Improvements to the packaging guide

The package guide chapter received several improvements.

We’ve updated our advice around roxygen2, mainly linking to the roxygen2 website. The advice also includes an explanation of how to document an argument’s default, thanks to Hugo Gruson. We have also improved our wording to emphasise that using roxygen2 still means manual efforts (thanks to Vincent van Hees).

We have added tips for packages wrapping web APIs, based on the blog post “Why You Should (or Shouldn’t) Build an API Client”.

Our instructions around CITATION files now reflect the newest CRAN policies.

Our list of packages helping with testing now includes shinytest2, which we anticipate will ultimately supersede shinytest.

Improvements to GitHub and CI guidance

Our collaboration chapter features more links to resources about for instance PR reviews, and Git workflows, thanks to Mauro Lepore. That same chapter now mentions GitHub Discussions as a way to communicate with users, and more details on issue templates.

Edward Wallace added an explanation of continuous integration (CI) in general and of codecov in particular, to our CI guide.

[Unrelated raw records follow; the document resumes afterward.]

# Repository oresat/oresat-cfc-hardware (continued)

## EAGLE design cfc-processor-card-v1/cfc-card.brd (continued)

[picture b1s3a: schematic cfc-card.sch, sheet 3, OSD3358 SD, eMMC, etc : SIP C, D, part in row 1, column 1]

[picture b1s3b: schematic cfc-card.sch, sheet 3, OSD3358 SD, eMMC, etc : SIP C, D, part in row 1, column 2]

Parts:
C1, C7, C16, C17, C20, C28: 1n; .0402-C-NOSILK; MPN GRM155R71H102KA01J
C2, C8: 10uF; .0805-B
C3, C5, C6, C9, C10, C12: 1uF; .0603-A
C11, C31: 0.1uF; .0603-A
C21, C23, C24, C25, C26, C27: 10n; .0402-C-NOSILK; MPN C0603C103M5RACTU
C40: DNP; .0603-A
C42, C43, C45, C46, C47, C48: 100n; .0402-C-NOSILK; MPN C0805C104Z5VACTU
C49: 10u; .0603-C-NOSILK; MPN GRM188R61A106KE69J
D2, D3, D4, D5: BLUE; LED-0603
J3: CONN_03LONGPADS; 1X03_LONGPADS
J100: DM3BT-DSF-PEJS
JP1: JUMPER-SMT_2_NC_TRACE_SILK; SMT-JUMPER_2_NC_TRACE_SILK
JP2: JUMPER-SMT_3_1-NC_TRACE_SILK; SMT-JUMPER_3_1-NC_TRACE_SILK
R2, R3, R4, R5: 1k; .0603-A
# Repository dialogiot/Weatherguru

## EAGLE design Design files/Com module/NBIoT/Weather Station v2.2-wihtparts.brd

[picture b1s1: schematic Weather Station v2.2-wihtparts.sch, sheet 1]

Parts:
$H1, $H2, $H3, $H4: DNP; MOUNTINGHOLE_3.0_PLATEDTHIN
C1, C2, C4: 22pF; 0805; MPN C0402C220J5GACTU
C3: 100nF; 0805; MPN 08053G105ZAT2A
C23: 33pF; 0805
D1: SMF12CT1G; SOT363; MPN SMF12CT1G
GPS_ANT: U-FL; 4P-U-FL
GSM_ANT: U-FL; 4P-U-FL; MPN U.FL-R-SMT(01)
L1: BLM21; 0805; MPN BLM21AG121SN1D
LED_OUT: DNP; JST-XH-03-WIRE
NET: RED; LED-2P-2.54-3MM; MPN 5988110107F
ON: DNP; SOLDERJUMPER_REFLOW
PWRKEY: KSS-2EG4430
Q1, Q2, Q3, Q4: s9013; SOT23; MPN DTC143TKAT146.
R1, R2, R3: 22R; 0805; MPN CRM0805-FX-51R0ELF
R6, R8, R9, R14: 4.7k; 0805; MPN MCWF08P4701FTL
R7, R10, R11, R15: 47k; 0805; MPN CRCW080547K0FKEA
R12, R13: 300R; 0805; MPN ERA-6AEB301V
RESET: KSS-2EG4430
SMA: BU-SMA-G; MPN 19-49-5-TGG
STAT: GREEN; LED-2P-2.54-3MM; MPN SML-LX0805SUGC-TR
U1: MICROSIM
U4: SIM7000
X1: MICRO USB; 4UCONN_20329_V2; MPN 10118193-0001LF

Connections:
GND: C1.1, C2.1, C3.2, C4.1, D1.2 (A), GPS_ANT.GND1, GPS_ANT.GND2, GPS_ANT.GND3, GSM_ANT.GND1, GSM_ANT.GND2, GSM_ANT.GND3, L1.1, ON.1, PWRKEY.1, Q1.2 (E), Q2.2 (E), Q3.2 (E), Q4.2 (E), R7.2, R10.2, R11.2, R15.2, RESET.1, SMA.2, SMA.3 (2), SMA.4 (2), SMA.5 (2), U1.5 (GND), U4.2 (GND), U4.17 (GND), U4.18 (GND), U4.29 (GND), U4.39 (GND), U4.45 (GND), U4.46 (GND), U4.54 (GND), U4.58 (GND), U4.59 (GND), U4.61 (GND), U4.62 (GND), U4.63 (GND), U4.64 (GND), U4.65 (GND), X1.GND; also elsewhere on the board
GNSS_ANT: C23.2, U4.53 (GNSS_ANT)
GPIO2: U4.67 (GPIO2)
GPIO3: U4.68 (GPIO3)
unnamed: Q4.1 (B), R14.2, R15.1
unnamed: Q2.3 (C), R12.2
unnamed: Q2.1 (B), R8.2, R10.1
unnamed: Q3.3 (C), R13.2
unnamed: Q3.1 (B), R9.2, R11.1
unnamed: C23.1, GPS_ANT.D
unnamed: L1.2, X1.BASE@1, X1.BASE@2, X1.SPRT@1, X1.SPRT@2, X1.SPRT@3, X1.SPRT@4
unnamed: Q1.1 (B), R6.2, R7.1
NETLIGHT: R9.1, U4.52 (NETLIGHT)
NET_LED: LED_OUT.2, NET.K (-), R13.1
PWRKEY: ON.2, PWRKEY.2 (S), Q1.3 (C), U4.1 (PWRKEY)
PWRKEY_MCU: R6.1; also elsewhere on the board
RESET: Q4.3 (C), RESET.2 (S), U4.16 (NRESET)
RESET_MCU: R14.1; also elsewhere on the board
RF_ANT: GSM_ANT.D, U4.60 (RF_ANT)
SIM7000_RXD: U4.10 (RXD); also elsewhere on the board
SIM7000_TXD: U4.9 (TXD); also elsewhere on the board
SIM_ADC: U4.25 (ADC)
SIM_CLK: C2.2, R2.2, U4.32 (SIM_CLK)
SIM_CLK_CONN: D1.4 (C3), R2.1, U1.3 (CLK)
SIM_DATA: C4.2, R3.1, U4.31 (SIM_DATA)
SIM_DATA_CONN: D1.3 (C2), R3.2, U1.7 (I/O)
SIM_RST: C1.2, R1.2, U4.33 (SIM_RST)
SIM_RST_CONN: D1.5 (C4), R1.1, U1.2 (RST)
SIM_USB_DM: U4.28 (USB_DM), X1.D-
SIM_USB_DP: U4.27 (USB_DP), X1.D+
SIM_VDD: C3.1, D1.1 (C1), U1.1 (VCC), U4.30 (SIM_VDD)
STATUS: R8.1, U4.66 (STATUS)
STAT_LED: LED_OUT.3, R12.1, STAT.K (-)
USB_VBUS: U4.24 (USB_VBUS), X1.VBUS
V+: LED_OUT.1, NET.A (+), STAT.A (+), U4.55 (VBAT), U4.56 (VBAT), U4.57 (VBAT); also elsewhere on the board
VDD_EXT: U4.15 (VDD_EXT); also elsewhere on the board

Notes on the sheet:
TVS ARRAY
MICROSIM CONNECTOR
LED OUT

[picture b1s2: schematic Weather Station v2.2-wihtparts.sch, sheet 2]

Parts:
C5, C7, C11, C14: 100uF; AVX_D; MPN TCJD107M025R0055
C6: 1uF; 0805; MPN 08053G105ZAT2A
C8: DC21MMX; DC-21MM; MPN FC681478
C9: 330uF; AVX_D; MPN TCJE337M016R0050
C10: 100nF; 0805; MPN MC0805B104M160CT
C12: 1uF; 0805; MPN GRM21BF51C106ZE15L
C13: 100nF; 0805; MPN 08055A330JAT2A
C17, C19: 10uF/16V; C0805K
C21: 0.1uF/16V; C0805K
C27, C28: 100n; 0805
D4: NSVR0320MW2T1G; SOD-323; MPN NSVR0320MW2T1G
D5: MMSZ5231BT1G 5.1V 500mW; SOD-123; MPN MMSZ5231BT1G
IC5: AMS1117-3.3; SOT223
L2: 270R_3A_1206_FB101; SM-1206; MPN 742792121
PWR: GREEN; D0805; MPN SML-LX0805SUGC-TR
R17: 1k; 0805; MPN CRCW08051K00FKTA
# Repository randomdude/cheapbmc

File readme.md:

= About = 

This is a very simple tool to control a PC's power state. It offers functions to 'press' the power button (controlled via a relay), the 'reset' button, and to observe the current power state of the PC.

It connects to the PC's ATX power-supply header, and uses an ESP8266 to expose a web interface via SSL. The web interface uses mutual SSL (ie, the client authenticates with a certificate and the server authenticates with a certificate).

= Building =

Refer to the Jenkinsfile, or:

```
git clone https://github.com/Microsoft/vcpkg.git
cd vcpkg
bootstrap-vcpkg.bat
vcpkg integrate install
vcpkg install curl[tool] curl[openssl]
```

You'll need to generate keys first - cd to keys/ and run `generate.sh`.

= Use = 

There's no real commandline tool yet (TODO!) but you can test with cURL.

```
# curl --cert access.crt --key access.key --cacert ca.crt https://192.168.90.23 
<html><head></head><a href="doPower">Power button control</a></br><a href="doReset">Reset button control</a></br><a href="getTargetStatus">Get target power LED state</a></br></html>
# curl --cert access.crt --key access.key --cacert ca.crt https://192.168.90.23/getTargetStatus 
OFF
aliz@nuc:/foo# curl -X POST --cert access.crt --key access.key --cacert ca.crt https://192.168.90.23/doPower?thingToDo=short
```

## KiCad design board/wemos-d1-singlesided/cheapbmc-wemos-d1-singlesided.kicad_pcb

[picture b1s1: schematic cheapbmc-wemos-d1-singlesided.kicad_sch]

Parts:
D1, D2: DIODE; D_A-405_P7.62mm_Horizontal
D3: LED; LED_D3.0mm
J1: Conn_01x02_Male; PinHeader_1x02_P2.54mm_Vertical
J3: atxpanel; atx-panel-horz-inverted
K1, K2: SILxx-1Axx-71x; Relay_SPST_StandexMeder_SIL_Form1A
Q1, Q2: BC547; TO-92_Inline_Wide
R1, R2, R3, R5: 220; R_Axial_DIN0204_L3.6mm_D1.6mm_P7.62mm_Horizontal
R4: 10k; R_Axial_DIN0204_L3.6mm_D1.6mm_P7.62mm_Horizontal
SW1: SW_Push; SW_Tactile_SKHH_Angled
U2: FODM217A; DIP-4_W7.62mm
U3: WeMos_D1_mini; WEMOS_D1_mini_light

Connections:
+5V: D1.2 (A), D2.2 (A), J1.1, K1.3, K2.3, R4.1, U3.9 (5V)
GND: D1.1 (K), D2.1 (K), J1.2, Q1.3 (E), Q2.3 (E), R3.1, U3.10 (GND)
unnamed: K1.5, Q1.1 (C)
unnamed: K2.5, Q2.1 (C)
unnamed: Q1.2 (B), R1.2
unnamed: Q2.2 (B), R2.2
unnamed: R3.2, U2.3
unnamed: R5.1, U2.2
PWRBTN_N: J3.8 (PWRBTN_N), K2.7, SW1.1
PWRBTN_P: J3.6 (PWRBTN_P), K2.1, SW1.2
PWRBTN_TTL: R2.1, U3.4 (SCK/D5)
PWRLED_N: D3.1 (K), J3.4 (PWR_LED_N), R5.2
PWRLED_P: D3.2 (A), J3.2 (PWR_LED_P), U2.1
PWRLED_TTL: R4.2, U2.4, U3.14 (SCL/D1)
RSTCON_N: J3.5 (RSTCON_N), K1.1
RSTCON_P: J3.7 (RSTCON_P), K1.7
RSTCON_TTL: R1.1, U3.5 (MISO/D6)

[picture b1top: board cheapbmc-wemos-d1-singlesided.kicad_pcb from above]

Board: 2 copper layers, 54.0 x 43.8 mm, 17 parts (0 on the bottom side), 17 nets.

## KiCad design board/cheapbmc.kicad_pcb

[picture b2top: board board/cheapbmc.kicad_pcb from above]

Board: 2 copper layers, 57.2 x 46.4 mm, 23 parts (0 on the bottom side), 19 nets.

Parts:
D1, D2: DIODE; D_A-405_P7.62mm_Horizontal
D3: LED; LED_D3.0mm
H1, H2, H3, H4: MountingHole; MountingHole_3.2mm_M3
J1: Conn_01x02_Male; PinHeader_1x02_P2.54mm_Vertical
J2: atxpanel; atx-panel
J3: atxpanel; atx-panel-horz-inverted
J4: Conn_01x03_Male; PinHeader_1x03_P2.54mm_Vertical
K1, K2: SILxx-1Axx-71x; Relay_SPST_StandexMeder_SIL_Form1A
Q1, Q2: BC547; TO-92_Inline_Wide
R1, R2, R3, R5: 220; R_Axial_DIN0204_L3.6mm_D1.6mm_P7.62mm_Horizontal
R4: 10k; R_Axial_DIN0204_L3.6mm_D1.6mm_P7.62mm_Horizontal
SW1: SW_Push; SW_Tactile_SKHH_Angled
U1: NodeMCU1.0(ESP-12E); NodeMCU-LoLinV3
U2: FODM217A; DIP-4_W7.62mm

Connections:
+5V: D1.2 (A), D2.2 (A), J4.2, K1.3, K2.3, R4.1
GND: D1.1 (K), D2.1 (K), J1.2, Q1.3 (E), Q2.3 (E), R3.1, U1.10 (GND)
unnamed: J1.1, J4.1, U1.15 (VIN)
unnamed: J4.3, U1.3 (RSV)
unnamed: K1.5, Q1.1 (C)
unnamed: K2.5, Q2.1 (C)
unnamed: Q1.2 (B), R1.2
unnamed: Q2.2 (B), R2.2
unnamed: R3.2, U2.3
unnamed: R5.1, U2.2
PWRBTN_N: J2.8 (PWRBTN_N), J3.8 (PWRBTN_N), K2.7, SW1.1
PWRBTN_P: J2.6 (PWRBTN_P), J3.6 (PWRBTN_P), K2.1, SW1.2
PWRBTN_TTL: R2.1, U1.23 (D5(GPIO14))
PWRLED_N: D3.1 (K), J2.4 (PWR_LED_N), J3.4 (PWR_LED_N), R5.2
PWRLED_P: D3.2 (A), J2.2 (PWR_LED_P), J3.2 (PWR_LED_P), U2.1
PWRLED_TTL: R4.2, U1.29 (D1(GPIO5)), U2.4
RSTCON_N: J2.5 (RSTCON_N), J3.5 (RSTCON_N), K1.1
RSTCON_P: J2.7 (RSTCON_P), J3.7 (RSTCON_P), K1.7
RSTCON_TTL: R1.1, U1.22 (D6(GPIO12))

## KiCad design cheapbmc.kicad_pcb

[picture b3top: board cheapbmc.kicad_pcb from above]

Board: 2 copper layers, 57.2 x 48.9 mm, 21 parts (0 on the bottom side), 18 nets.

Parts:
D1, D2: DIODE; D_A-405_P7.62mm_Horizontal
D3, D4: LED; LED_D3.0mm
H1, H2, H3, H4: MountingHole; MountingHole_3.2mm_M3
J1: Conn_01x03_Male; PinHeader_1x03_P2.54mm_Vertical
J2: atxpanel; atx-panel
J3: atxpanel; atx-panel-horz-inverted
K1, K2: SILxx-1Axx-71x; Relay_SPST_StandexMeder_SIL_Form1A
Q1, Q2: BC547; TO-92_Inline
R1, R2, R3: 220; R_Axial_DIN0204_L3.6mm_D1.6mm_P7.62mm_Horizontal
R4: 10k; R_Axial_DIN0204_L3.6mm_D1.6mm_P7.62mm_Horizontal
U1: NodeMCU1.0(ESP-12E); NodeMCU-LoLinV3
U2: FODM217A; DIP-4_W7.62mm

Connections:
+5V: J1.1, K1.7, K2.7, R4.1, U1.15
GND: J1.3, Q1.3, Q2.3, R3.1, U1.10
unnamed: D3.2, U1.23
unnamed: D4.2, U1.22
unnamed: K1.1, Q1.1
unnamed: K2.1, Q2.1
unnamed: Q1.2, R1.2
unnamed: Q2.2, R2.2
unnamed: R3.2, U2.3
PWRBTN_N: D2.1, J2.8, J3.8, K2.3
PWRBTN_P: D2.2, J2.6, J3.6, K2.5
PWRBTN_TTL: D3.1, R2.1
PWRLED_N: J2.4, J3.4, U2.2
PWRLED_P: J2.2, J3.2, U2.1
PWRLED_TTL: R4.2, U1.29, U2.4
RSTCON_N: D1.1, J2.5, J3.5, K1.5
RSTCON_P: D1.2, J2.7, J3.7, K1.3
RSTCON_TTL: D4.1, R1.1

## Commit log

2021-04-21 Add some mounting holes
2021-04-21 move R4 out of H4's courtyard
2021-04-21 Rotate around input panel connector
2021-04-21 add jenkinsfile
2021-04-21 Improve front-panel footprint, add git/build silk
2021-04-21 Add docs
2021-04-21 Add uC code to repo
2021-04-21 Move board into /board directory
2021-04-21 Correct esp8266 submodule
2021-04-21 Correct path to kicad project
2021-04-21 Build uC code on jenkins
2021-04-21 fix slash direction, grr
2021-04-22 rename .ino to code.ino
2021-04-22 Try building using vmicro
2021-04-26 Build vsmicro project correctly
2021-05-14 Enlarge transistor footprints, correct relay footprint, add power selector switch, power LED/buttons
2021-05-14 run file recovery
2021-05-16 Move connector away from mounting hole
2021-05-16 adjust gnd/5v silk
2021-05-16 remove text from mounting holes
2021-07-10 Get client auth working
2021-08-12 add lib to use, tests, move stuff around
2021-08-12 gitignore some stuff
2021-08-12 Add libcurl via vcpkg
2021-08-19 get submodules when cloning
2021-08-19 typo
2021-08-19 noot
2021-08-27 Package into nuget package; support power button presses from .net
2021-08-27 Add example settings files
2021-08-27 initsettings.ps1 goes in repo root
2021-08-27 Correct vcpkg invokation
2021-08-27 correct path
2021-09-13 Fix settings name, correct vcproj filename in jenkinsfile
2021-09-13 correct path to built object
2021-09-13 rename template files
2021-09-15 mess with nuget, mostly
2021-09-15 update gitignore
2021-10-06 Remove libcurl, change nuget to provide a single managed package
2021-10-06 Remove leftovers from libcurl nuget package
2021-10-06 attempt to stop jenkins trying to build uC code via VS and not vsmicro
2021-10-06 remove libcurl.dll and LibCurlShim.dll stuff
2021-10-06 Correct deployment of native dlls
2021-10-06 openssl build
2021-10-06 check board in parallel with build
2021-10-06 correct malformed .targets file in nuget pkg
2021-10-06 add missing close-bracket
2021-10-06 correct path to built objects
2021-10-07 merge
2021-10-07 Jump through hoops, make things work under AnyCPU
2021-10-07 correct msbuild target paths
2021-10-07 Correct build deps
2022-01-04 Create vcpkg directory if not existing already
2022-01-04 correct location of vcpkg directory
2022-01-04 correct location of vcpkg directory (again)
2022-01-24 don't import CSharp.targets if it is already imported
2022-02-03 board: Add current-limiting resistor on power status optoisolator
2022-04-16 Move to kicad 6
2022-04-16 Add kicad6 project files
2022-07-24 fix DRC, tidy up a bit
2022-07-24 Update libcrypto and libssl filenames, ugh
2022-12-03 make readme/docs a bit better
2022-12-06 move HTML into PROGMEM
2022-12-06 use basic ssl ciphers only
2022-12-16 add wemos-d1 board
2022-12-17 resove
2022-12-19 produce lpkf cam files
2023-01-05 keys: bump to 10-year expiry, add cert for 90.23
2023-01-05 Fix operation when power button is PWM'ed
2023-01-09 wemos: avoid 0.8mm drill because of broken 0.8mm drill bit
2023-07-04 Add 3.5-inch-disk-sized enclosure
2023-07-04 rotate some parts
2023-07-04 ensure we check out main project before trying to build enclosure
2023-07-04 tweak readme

Better documentation of the process

We now highlight the values of our system and the tone we strive to achieve in more places: at the top of the reviewer guide, in the template for review requests, and in the message our bot posts after editors assign a reviewer.

rOpenSci’s community is our best asset. We aim for reviews to be open, non-adversarial, and focused on improving software quality. Be respectful and kind! See our reviewers guide and code of conduct for more.

Alexander Fischer added an explanation of package submission via non-default branches to the guide for authors and to the guide for reviewers.

Our guide reviewers now clearly explains how to volunteer as a reviewer, in general or for a particular submission.

Conclusion

In this post we summarized the changes incorporated into our book “rOpenSci Packages: Development, Maintenance, and Peer Review” over the last months. We are thankful for all contributions that shaped this release. We are already working on the next version, including a translation to Portuguese thanks to community contributors!